At Milan Fashion Week, Federica Bonifaci unveiled her Spring/Summer 2026 collection — a poetic interplay of architecture and emotion, where garments become living spaces and silhouettes breathe with intention. Titled Lightness and Structure, the SS26 collection reaffirms Bonifaci’s place as one of Italy’s most thoughtful emerging designers, blending contemporary femininity with sculptural discipline.
The cornerstone of her vision remains the cape, a signature piece that Bonifaci reinvents yet again. Far from a mere stylistic flourish, the cape becomes the architectural framework of the collection.

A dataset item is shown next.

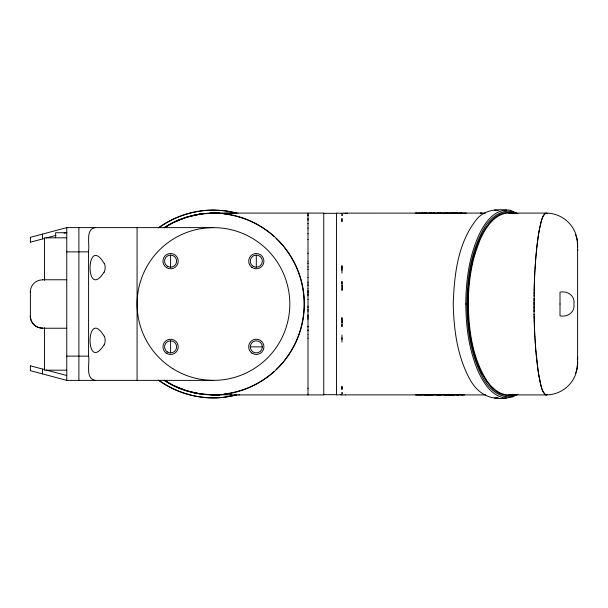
<?xml version="1.0" encoding="UTF-8"?>
<svg xmlns="http://www.w3.org/2000/svg" width="608" height="608" viewBox="0 0 608 608"><rect width="100%" height="100%" fill="white"/><g stroke="black" fill="none" stroke-linecap="round" stroke-linejoin="round"><path stroke-width="0.91" d="M95.084 227.628C85.424 229.353 89.733 243.496 88.586 250.39L88.586 356.128C89.999 363.272 84.976 378.374 95.084 380.372M307.998 214.396L307.998 213.309M307.998 338.04L307.998 394.691M307.998 334.666L307.998 330.425M307.998 326.306L307.998 319.2M307.998 317.102L307.998 314.906M307.998 311.843L307.998 306.098M308.005 299.463L307.998 306.265M307.998 295.024L307.998 291.232M307.998 290.913L307.998 288.754M307.998 277.446L307.998 282.066M307.998 269.222L307.998 277.636M307.998 261.25L307.998 253.042M307.998 239.461L307.998 253.49M307.998 233.715L307.998 227.924M307.998 223.812L307.998 219.997M307.998 214.236L307.998 215.407M577.6 364.352L577.6 361.866M577.6 359.632L577.6 356.949M577.6 247.038L577.304 241.452M502.535 397.48C490.177 394.144 483.033 381.915 478.032 371.047C468.829 349.6 465.834 325.979 465.812 302.792C466.1 279.84 469.262 256.447 478.754 235.364C484.128 224.071 492.708 210.611 506.616 210.049A111.56 44.445 -89.5 0 1 510.697 210.345M533.961 301.766L533.961 305.117M516.663 394.486C502.041 402.291 487.662 388.147 481.84 375.683C470.539 353.674 467.149 328.48 466.921 304C467.18 279.004 470.645 253.179 482.615 230.896C488.513 218.918 502.687 205.96 516.663 213.514M577.6 357.702L577.288 359.472M533.968 300.641L533.991 298.399M342.008 339.363L342.008 337.721M342.008 270.286L341.992 267.588M534.28 285.091L534.075 315.126M534.014 296.164L534.029 295.047M534.052 293.938L534.098 291.711M342.213 214.799C342.137 213.051 341.643 216.752 342.106 215.217M341.947 342.144L341.947 335.114M534.12 290.662L534.174 288.458M534.212 287.288L534.242 286.193M534.272 285.167L534.318 283.997M342.198 322.187L342.175 322.742M534.31 284.08L534.356 282.91M534.348 282.994L534.44 280.736M534.432 280.828L534.478 279.657M534.478 279.748L534.576 277.506M534.523 278.677L534.622 276.435M577.562 363.652L576.688 369.634M534.622 276.541L534.675 275.371M534.675 275.477L534.728 274.314M534.728 274.421L534.782 273.258M534.782 273.372L534.842 272.209M534.835 272.323L534.903 271.16M468.122 292.038L467.864 297.912A83.782 33.744 -90 0 0 467.772 304A83.836 33.767 -90 0 0 468.13 316.152M534.896 271.282L534.964 270.119M534.956 270.241L535.025 269.086M341.97 221.342L341.947 218.508L341.947 221.684M535.017 269.207L535.146 267.026M535.078 268.181L535.215 266.008M342.076 324.338L341.939 326.618L341.939 317.718M535.207 266.137L535.283 264.997M535.276 265.126L535.352 263.994M535.344 264.123L535.428 262.99M535.412 263.12L535.572 261.007M535.488 262.132L535.648 260.026M535.64 260.163L535.724 259.046M535.716 259.19L535.8 258.081M535.792 258.225L535.884 257.123M535.868 257.26L535.967 256.166M535.952 256.31L536.218 253.346M536.036 255.36L536.302 252.426M536.294 252.571L536.393 251.507M536.378 251.651L536.484 250.602M536.469 250.747L536.666 248.809M536.56 249.842L536.856 247.053M536.742 248.064L537.046 245.328M536.932 246.324L537.875 238.8M537.13 244.614L537.981 238.032M469.361 278.578L468.684 284.643A84.428 34.002 -90 0 0 468.13 291.848M537.966 238.154L538.088 237.264M538.072 237.386L538.316 235.775M538.186 236.634L538.422 235.045M538.407 235.159L538.886 232.218M538.521 234.437L539.243 230.219M538.984 231.648L539.6 228.319M539.342 229.672L541.12 221.753L543.005 216.349L544.95 213.514L546.926 213.324L547.489 213.765L546.083 213.081L508.6 213.081C499.016 213.15 491.424 220.598 486.43 228.099A98.131 39.763 90 0 0 479.94 240.076L475.251 253.027M539.706 227.795C541.242 222.9 541.234 215.863 546.083 213.081A31.517 31.517 0 0 1 577.6 244.598L577.577 244.667M471.8 264.115L470.554 270.568A86.268 34.74 -90 0 0 469.384 278.373M471.846 263.91L471.846 263.895A89.46 36.032 -90 0 1 473.807 255.816L475.76 249.303M576.422 370.584L576.08 371.625M475.821 249.098L475.828 249.082A93.997 37.856 -90 0 1 478.716 241.285L481.468 235.243M575.768 372.453L575.472 373.16M104.036 272.164C84.968 301.948 85.758 232.689 104.204 263.522M104.036 344.896C84.968 374.68 85.758 305.429 104.204 336.254M481.566 235.045L485.116 228.76L489.09 223.242A103.93 41.861 -90 0 1 491.241 220.818L493.453 218.69A106.18 42.765 90 0 1 495.771 216.828L498.134 215.293A107.89 43.449 90 0 1 500.566 214.069L503.029 213.188A109.121 43.951 -90 0 1 510.553 212.656L513.061 213.188A108.482 43.692 90 0 1 514.604 213.697M159.022 227.422C172.231 218.006 187.925 212.124 204.06 210.52A111.56 102.326 -88.8 0 1 213.446 210.056L225.583 210.839L236.466 212.914M518.008 394.212L512.362 397.009L506.616 397.951C490.291 400.634 477.546 393.589 469.771 379.156C457.307 356.227 453.834 329.749 453.234 304C454.222 274.831 457.748 243.215 476.459 219.556C483.755 210.353 495.672 208.901 506.616 210.049M165.019 227.529L172.231 222.961L186.413 217.193L199.941 214.092M158.68 227.863C180.72 212.032 209.722 206.036 236.064 213.028M434.956 213.233L438.748 213.324L434.591 213.226M439.516 394.866L440.352 394.706M439.918 394.729L439.098 394.676L440.716 394.714M437.859 213.309L438.094 213.195M174.732 221.738L182.643 218.462M514.604 394.303L513.137 394.79A109.121 43.951 -90 0 1 505.537 395.344L503.029 394.812A108.482 43.692 90 0 1 500.566 393.931L498.134 392.707A107.114 43.138 -90 0 1 495.771 391.172L493.179 389.059A105.009 42.294 90 0 1 491.249 387.182L486.202 380.897L481.688 373.19M30.468 237.31L66.766 227.628L213.446 227.628M30.468 242.159L44.316 238.465M46.117 237.986L55.989 235.349M64.076 233.198L66.766 232.476M513.281 394.303C506.16 396.332 498.56 393.178 493.415 388.208M191.52 215.764L199.675 214.13L213.195 213.081M236.466 395.086L222.832 397.48A111.56 102.326 -88.8 0 1 213.446 397.944C194.089 397.989 174.785 391.826 159.022 380.578M236.064 394.972C209.722 401.964 180.72 395.968 158.68 380.137M494.57 397.951L498.233 397.396M215.863 394.888L220.104 394.676L217.322 394.843M219.48 394.714L219.632 394.706A105.845 96.877 90 0 1 211.728 394.896L211.698 394.904M219.587 394.721L230.348 394.888M219.739 394.714L219.04 394.744M219.754 395.322L219.397 395.344A109.121 99.879 -90 0 1 215.832 395.496M219.298 394.744L218.318 394.797M215.741 394.888L219.002 394.744M218.059 394.797L218.591 394.782M217.907 394.805L218.454 394.79M209.152 213.188L210.535 213.127M217.542 394.828L217.238 394.843M217.444 394.835L217.056 394.843M439.766 213.317L444.349 213.203M437.897 394.714L439.067 394.676M216.015 394.881L217.178 394.843M341.939 213.188L343.991 213.142M439.66 213.317L439.067 213.324L439.987 213.309M220.636 213.286L223.022 213.226M216.395 394.873L216.197 394.881M438.718 394.676L437.122 394.714M440.344 213.294L441.431 213.264M436.757 394.721L437.585 394.706M436.825 394.729L430.768 394.835M437.205 394.714L434.918 394.774M212.458 213.089L211.219 213.112L211.774 213.096A105.845 96.885 90 0 1 219.663 213.302L216.38 213.127M441.4 213.264L443.984 213.21M215.247 394.904L214.92 394.904M211.227 213.112L212.192 213.089M224.223 213.195L224.823 213.188M225.431 213.172L216.942 213.15M444.083 213.21L444.722 213.195M433.762 394.79L433.033 394.805M225.074 213.18L228.57 213.134M444.463 213.203L445.831 213.18M432.653 394.812L431.52 394.828M225.781 213.172L227.878 213.142M446.325 213.172L445.626 213.18M446.409 213.172L447.275 213.157M446.014 213.172L446.713 213.165M214.73 394.911L214.358 394.911M430.388 394.843L431.049 394.835M447.579 213.157L448.924 213.142M447.184 213.157L447.739 213.157M429.871 394.85L428.86 394.858M429.62 394.85L430.654 394.843M228.479 213.134L230.622 213.112M448.75 213.142L449.662 213.134M428.093 394.866L429.088 394.858M229.262 213.127L229.946 213.119M450.992 213.119L449.54 213.134M426.945 394.881L427.515 394.873M427.333 394.873L428.306 394.866M230.341 213.112L231.298 213.104M230.979 213.112L231.975 213.104M453.819 213.104L451.09 213.119M450.726 213.127L451.121 213.119M425.41 394.888L426.33 394.881M426.178 394.881L427.12 394.873M231.61 213.104L232.651 213.096M232.248 213.104L233.525 213.096M345.42 213.134L346.233 213.134M453.5 213.104L455.901 213.096M452.306 213.112L452.709 213.112M424.338 394.896L420.774 394.911M424.255 394.896L425.532 394.888M233.312 213.096L234.171 213.096M233.981 213.096L235.456 213.089M455.757 213.096L456.927 213.096M454.298 213.104L454.7 213.096M235.296 213.089L236.748 213.089M236.603 213.089L238.047 213.081M347.594 213.127L481.202 213.089M459.116 213.089L460.841 213.089M457.102 213.089L459.268 213.089M456.699 213.096L457.315 213.089M416.906 394.911L419.125 394.911M419.034 394.911L421.139 394.904M237.895 213.089L323.76 213.081L323.76 394.911L239.354 394.919M461.153 213.081L466.397 213.081M323.76 213.324L336.49 213.324M460.735 213.089L461.548 213.081M66.766 232.72L55.617 232.72L55.617 237.812M66.766 237.812L44.46 237.812L44.46 280.364M66.766 251.872L88.586 251.872M42.522 279.756L66.766 279.756M465.812 304L466.921 304M467.772 304L468.327 304C468.715 329.802 472.218 356.934 486.02 379.286M42.522 328.244L66.766 328.244M250.245 346.856L262.367 346.856A6.065 6.065 0 0 0 253.278 341.612A6.065 6.065 0 0 0 253.278 352.108A6.065 6.065 0 0 0 262.367 346.856M66.766 356.128L88.586 356.128M66.766 370.188L44.46 370.188L44.46 327.636M30.468 370.69L66.766 380.372L213.446 380.372M323.76 394.676L336.49 394.676M462.354 394.919L464.52 394.919M508.6 394.919L546.083 394.919L547.208 394.486L545.938 394.911L544.814 394.364L542.458 390.359L540.223 382.63L538.293 372.111M415.56 394.919L417.103 394.911M485.686 394.911L345.321 394.866M419.748 213.089L421.694 213.096M416.7 213.089L419.93 213.089M481.027 213.089L485.594 213.089M415.302 213.081L416.799 213.089M480.328 213.089L481.65 213.089M457.839 394.911L458.614 394.911M458.31 394.911L462.566 394.919M237.895 394.911L239.484 394.919M235.95 394.911L238.047 394.919M508.6 213.081L513.281 213.697M421.542 213.096L422.742 213.096M213.841 213.081L214.746 213.089L214.214 213.089M457.064 394.911L454.305 394.896M456.707 394.904L457.908 394.911M234.642 394.911L236.109 394.911M234.817 394.911L231.298 394.896M424.407 213.104L424.794 213.112M423.138 213.096L425.562 213.112M422.666 213.096L423.244 213.104M453.104 394.888L453.591 394.896M453.507 394.896L454.366 394.896M425.532 213.112L429.484 213.142M451.121 394.881L451.668 394.881M451.516 394.881L452.436 394.888M452.306 394.888L453.203 394.896M231.618 394.896L229.946 394.881M426.33 213.119L426.717 213.119M449.935 394.873L450.893 394.881M450.726 394.873L451.28 394.881M212.572 394.911L211.166 394.888L212.42 394.911M448.362 394.858L448.978 394.858M448.75 394.858L449.365 394.866M449.145 394.866L450.125 394.873M429.757 213.15L430.266 213.157M428.997 213.142L429.871 213.15M447.838 394.85L446.796 394.835M447.579 394.843L448.218 394.85M447.967 394.85L448.598 394.858M430.882 213.165L431.437 213.172M430.51 213.157L431.049 213.165M430.13 213.157L430.654 213.157M446.409 394.828L447.078 394.835M431.634 213.172L432.987 213.195M431.262 213.172L431.824 213.172M445.938 394.82L445.238 394.812M446.014 394.828L446.698 394.835M432.752 213.188L433.375 213.203M215.118 213.096L215.475 213.104M444.463 394.797L445.185 394.812M444.851 394.805L445.565 394.812M433.489 213.203L434.15 213.21M433.116 213.195L433.762 213.21M215.126 213.096L216.045 213.119L215.308 213.104M442.92 394.767L444.433 394.797M444.076 394.79L444.813 394.805M434.226 213.218L434.918 213.233M433.861 213.21L434.538 213.218M211.713 394.904L195.715 393.171M442.16 394.752L443.308 394.774M441.773 394.744L442.563 394.759M441.454 394.736L440.633 394.714M441.393 394.736L441.826 394.744M215.863 213.112L216.6 213.134L215.954 213.119M440.253 394.706L441.089 394.721M221.859 394.744L221.13 394.729M217.269 213.157L215.673 213.112L218.059 213.203M216.516 213.134L219.427 213.264M217.626 213.18L220.134 213.332L219.298 213.271M218.188 213.21L218.705 213.226M218.462 213.218L218.994 213.241M494.57 210.049L498.233 210.604M199.941 393.908L186.413 390.807L172.231 385.039L165.019 380.471M439.478 213.127L439.888 213.256M194.697 392.966L191.588 392.251M510.69 210.52L518.008 213.788M30.468 365.841L44.316 369.535M46.117 370.014L66.766 375.524M182.643 389.538L180.264 388.641M179.14 388.2L178.585 387.965M178.03 387.737L177.597 387.554M177.475 387.501L176.981 387.288M176.738 387.174L174.732 386.262M575.472 234.848L575.768 235.554M576.08 236.375L576.422 237.424M342.106 392.783C341.795 391.301 341.97 395.002 342.213 393.194M576.665 238.268L577.235 241.034M538.984 376.352C540.793 382.394 540.368 391.157 546.083 394.919A31.517 31.517 0 0 0 577.6 363.402M538.886 375.782L538.186 371.366M538.202 371.488L537.966 369.846M538.088 370.736L536.203 354.51M537.875 369.2L536.119 353.575M469.414 329.863L470.402 336.536A87.484 35.234 -90 0 0 471.846 344.105L473.556 351.264A91.306 36.776 90 0 0 475.828 358.91L478.359 365.841A96.322 38.79 90 0 0 481.566 372.955M469.399 329.711L469.391 329.68A85.067 34.261 90 0 1 468.608 322.521L468.145 316.365M536.036 352.64L536.134 353.719M536.051 352.784L535.868 350.74M535.967 351.834L535.792 349.775M535.716 348.81L535.8 349.919M535.64 347.837L535.724 348.954M535.564 346.856L535.648 347.974M535.572 346.993L535.412 344.88M535.496 346.005L535.344 343.877M535.352 344.014L535.207 341.863M535.283 343.003L535.139 340.845M342.091 283.799L341.939 281.382L341.939 290.282M535.078 339.819L535.146 340.974M535.017 338.793L535.086 339.948M534.956 337.759L535.025 338.914M534.964 337.881L534.835 335.677M534.903 336.84L534.782 334.628M342.167 285.084L342.198 285.813M534.782 334.742L534.675 332.523M534.728 333.686L534.569 330.395M534.622 331.565L534.523 329.323M534.478 328.252L534.531 329.422M534.478 328.343L534.348 325.006M534.394 326.177L534.44 327.264M534.31 323.92L534.356 325.09M534.272 322.833L534.318 324.003M534.052 314.062L534.28 322.909M534.174 319.542L534.242 321.738M534.151 318.501L534.098 316.289M341.985 267.474L341.939 265.62L341.939 273.129M534.014 311.836L533.991 309.601M577.6 245.86L577.6 363.88M533.961 306.234L533.976 308.461M307.998 215.703L307.998 218.5M307.998 263.127L307.998 267.17M307.998 282.819L307.998 284.696M307.998 281.937L307.998 283.016M307.998 284.65L307.998 285.737M307.998 295.67L308.005 299.569M307.998 317.878L307.998 318.448M307.998 326.663L307.998 330.136M577.6 243.648L577.6 246.012M341.939 213.34L336.49 213.081L336.49 394.919L341.939 394.66M307.998 215.293L307.998 215.81M307.998 218.394L307.998 219.404M307.998 219.169L307.998 220.134M307.998 223.402L307.998 228.41M307.998 233.556L307.998 239.696M307.998 261.144L307.998 263.614M307.998 266.828L307.998 269.504M307.998 285.441L307.998 288.808M307.998 290.677L307.998 292.904M307.998 294.006L307.998 295.701M307.998 307.162L307.998 307.747M307.998 309.396L307.998 310.422M307.998 311.638L307.998 319.299M307.998 326.124L307.998 327.058M307.998 329.893L307.998 330.532M307.998 334.613L307.998 338.314M307.998 394.227L307.998 394.911M256.302 255.079L256.302 267.201M170.59 255.079L170.59 267.201M170.59 340.799L170.59 352.921M137.074 227.628L137.074 380.372M78.888 227.628L78.888 380.372M66.766 227.628L66.766 380.372M42.522 234.095L42.522 238.944M42.522 369.056L42.522 373.905M30.4 237.325L30.4 242.174M30.4 291.878L30.4 316.122M30.4 365.826L30.4 370.675M506.616 397.921A111.56 44.445 -89.5 0 1 502.535 397.655M493.4 388.322A102.79 41.686 -89.9 0 1 485.982 379.445M468.259 304A85.872 34.778 90 0 1 475.289 253.088M577.98 250.055A11.788 1.581 63 0 1 577.41 249.576M438.923 213.066A90.942 90.942 0 0 0 437.806 213.074A90.866 90.858 0 0 1 438.923 213.028M437.631 213.096A90.721 90.721 0 0 1 440.823 213.104M440.846 394.896A90.736 90.736 0 0 1 437.813 394.911A90.942 90.942 0 0 0 438.923 394.957A90.706 90.706 0 0 1 437.631 394.904M345.222 394.949A8.276 0.471 -0.4 0 1 341.012 394.896M342.281 285.806A24.601 23.34 -54.2 0 1 342.023 290.29M341.848 317.733A24.609 23.172 56.6 0 1 342.122 322.179M346.324 213.157A34.527 1.216 0 0 1 347.654 213.157M344.166 213.172A15.094 0.6 0.1 0 1 345.526 213.165M215.118 212.488A109.121 99.879 90 0 1 219.397 212.656M164.076 227.658A90.919 90.919 0 0 1 282.097 244.393A90.919 90.919 0 0 1 282.097 363.607A90.919 90.919 0 0 1 164.076 380.342M308.005 388.39A90.866 0.623 89.8 0 1 307.998 388.147M276.04 238.397A90.676 90.676 0 0 1 276.04 369.603M273.957 371.534A90.676 90.676 0 0 1 223.835 394.075M220.066 394.432A90.676 90.676 0 0 1 206.826 394.432M203.057 394.075A90.676 90.676 0 0 1 164.206 380.137M164.206 227.863A90.676 90.676 0 0 1 203.057 213.925M206.826 213.568A90.676 90.676 0 0 1 220.066 213.568M223.835 213.925A90.676 90.676 0 0 1 273.957 236.466M104.363 263.408A8.763 6.582 90 0 1 104.158 272.27M104.363 336.14A8.763 6.582 -90 0 1 104.158 345.002M30.256 291.87A12.342 11.932 90 0 1 42.522 279.9M560.014 304L560.014 315.871C567.667 317.391 575.107 312.216 573.967 304C575.13 295.784 567.659 290.548 560.014 292.129L560.014 304M342.03 388.071L341.947 389.492L341.939 386.262L342.03 388.094M214.236 394.911L213.818 394.919L214.206 394.911M172.87 368.699A76.372 76.372 0 0 0 289.765 306.789A76.372 76.372 0 0 0 177.703 236.512A76.372 76.372 0 0 0 172.87 368.699M167.367 266.274A6.065 6.065 0 0 0 176.647 261.364A6.065 6.065 0 0 0 167.747 255.786A6.065 6.065 0 0 0 167.367 266.274M167.367 351.994A6.065 6.065 0 0 0 176.647 347.077A6.065 6.065 0 0 0 167.747 341.506A6.065 6.065 0 0 0 167.367 351.994M253.088 266.274A6.065 6.065 0 0 0 262.36 261.364A6.065 6.065 0 0 0 253.468 255.786A6.065 6.065 0 0 0 253.088 266.274M166.767 267.756A7.638 7.638 0 0 0 178.228 261.144A7.638 7.638 0 0 0 166.767 254.524A7.638 7.638 0 0 0 166.767 267.756M166.189 353.104A7.638 7.638 0 0 0 178.197 347.548A7.638 7.638 0 0 0 167.382 339.925A7.638 7.638 0 0 0 166.189 353.104M251.91 353.104A7.638 7.638 0 0 0 263.91 347.548A7.638 7.638 0 0 0 253.095 339.925A7.638 7.638 0 0 0 251.91 353.104M251.91 267.383A7.638 7.638 0 0 0 263.91 261.828A7.638 7.638 0 0 0 253.095 254.212A7.638 7.638 0 0 0 251.91 267.383M30.256 316.13A12.342 11.932 -90 0 0 42.522 328.1A12.342 11.932 90 0 1 30.256 316.13"/></g></svg>

It embraces the shoulders, suggests movement, and offers both elegance and protection.
This season, the cape evolves: there’s the shirt-cape — light, open, available in short or long versions — perfect for city life or reimagined in delicate lace for bridalwear. A single-breasted, form-fitting iteration adds structure without sacrificing fluidity, while a dramatic piece that is cropped at the back and elongated at the front brings a surprising dynamism to the silhouette.
Yet SS26 is far from one-dimensional. While the cape anchors the story, Bonifaci expands her universe with a versatile range of pieces: flowing dresses, breezy tunics, tailored summer suits, sophisticated jumpsuits, sporty bombers, gilets, bustiers, mini skirts, and elegantly cut trousers.
Each item reflects her commitment to freedom, movement, and understated power. Even the dresses, which were once conceived as companions to the cape, now stand confidently in their own spotlight, telling their own story of strength wrapped in softness.
Bonifaci’s fabric choices underscore the duality of her aesthetic. Natural materials like cotton, silk, viscose, lace, and organza appear alongside luminous technical textiles and sequined surfaces.
This interplay creates pieces that shimmer with occasion but never feel restricted or overtly formal. As the designer herself notes, the collection speaks to “moments to celebrate,” capturing a spirit that is romantic, elevated, and comfortably modern.
Her color palette is equally expressive — timeless neutrals like white, black, and nude are set against vibrant tones of lime green, blush pink, sky blue, rich red, and deep oil. It’s a visual language for the woman Bonifaci designs for: confident, emotionally attuned, never excessive, and always full of surprise.
“Every garment is a small space to inhabit,” Bonifaci said of her SS26 vision. “Even in summer, I want my pieces to embrace the body with structure and softness. The cape is still my voice — but this season, I wanted to explore new forms and materials to speak more clearly to a contemporary, romantic, and expressive woman.”
In a fashion week filled with spectacle and fleeting trends, Federica Bonifaci’s SS26 collection offers something more enduring — a quiet revolution of form and feeling. With each sculpted line and floating hem, she continues to shape a new language of femininity: elegant, architectural, and deeply human.